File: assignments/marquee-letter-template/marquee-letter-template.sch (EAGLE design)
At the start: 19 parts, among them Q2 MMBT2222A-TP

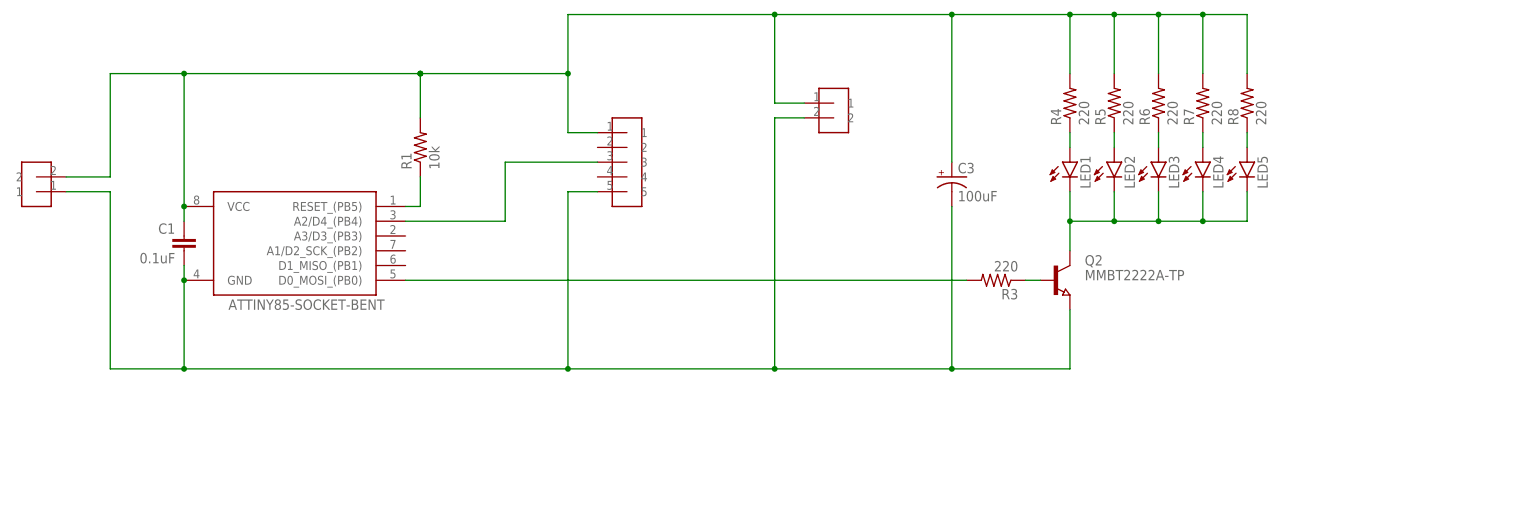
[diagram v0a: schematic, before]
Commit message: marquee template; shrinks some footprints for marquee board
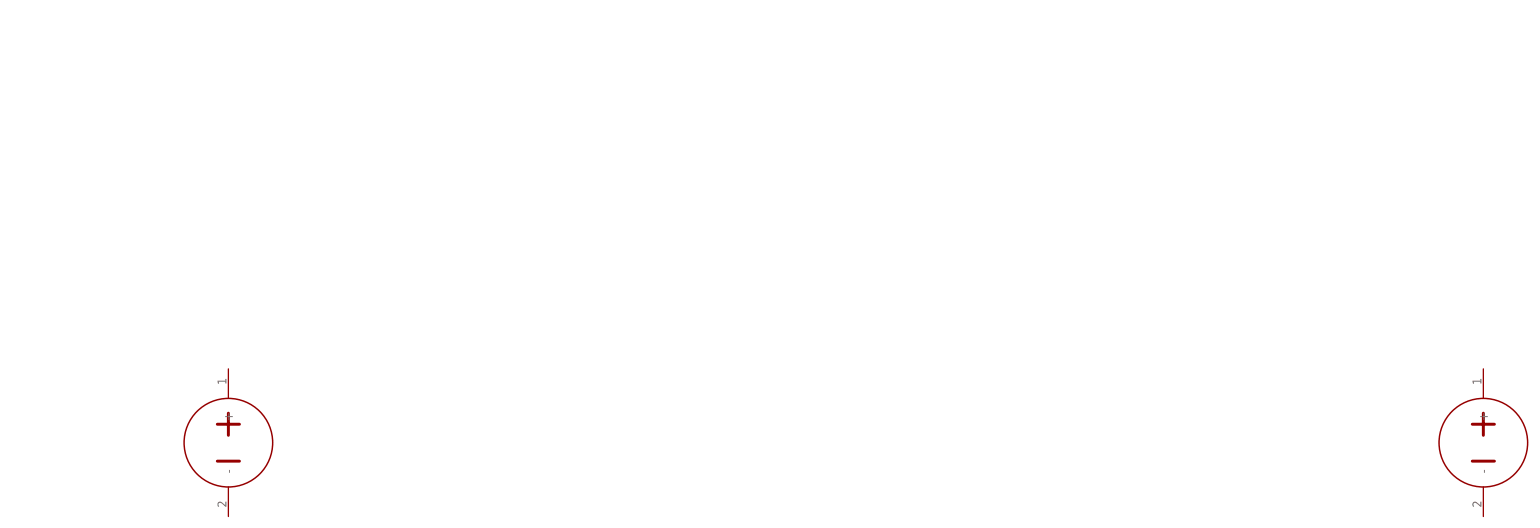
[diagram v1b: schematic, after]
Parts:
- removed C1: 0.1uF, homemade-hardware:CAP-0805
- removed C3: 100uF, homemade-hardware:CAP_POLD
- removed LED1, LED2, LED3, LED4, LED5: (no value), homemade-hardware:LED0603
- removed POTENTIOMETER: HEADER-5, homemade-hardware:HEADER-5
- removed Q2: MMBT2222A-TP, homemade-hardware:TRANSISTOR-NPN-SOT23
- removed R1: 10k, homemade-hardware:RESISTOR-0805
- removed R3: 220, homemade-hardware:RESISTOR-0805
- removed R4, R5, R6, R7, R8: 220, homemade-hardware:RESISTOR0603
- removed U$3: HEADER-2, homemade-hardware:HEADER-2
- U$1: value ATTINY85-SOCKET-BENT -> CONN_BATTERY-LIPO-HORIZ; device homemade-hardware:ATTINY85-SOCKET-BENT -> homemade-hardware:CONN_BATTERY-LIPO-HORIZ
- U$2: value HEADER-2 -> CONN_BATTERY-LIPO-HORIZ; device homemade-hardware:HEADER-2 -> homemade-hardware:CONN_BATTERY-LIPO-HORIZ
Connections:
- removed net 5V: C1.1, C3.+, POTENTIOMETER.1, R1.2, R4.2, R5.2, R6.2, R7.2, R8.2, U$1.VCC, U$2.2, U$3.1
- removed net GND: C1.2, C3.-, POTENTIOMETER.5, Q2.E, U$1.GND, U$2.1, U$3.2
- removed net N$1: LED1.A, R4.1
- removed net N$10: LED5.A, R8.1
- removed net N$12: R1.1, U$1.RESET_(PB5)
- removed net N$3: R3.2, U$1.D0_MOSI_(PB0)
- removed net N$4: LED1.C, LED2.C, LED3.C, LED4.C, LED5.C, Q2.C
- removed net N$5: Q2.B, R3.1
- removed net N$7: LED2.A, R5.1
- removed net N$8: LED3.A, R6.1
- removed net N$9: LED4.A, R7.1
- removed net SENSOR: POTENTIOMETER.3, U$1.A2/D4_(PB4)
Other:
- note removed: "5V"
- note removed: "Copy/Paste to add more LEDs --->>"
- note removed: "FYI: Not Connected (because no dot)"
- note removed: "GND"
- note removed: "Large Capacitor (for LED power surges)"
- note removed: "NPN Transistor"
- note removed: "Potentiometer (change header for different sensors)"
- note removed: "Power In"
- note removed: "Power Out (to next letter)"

⁂

Problem details: Your copy should match the material above exactly, minus its pictures.

Completed task:
File: assignments/marquee-letter-template/marquee-letter-template.sch (EAGLE design)
At the start: 19 parts, among them Q2 MMBT2222A-TP

[diagram v0a: schematic, before]
Commit message: marquee template; shrinks some footprints for marquee board
[diagram v1b: schematic, after]
Parts:
- removed C1: 0.1uF, homemade-hardware:CAP-0805
- removed C3: 100uF, homemade-hardware:CAP_POLD
- removed LED1, LED2, LED3, LED4, LED5: (no value), homemade-hardware:LED0603
- removed POTENTIOMETER: HEADER-5, homemade-hardware:HEADER-5
- removed Q2: MMBT2222A-TP, homemade-hardware:TRANSISTOR-NPN-SOT23
- removed R1: 10k, homemade-hardware:RESISTOR-0805
- removed R3: 220, homemade-hardware:RESISTOR-0805
- removed R4, R5, R6, R7, R8: 220, homemade-hardware:RESISTOR0603
- removed U$3: HEADER-2, homemade-hardware:HEADER-2
- U$1: value ATTINY85-SOCKET-BENT -> CONN_BATTERY-LIPO-HORIZ; device homemade-hardware:ATTINY85-SOCKET-BENT -> homemade-hardware:CONN_BATTERY-LIPO-HORIZ
- U$2: value HEADER-2 -> CONN_BATTERY-LIPO-HORIZ; device homemade-hardware:HEADER-2 -> homemade-hardware:CONN_BATTERY-LIPO-HORIZ
Connections:
- removed net 5V: C1.1, C3.+, POTENTIOMETER.1, R1.2, R4.2, R5.2, R6.2, R7.2, R8.2, U$1.VCC, U$2.2, U$3.1
- removed net GND: C1.2, C3.-, POTENTIOMETER.5, Q2.E, U$1.GND, U$2.1, U$3.2
- removed net N$1: LED1.A, R4.1
- removed net N$10: LED5.A, R8.1
- removed net N$12: R1.1, U$1.RESET_(PB5)
- removed net N$3: R3.2, U$1.D0_MOSI_(PB0)
- removed net N$4: LED1.C, LED2.C, LED3.C, LED4.C, LED5.C, Q2.C
- removed net N$5: Q2.B, R3.1
- removed net N$7: LED2.A, R5.1
- removed net N$8: LED3.A, R6.1
- removed net N$9: LED4.A, R7.1
- removed net SENSOR: POTENTIOMETER.3, U$1.A2/D4_(PB4)
Other:
- note removed: "5V"
- note removed: "Copy/Paste to add more LEDs --->>"
- note removed: "FYI: Not Connected (because no dot)"
- note removed: "GND"
- note removed: "Large Capacitor (for LED power surges)"
- note removed: "NPN Transistor"
- note removed: "Potentiometer (change header for different sensors)"
- note removed: "Power In"
- note removed: "Power Out (to next letter)"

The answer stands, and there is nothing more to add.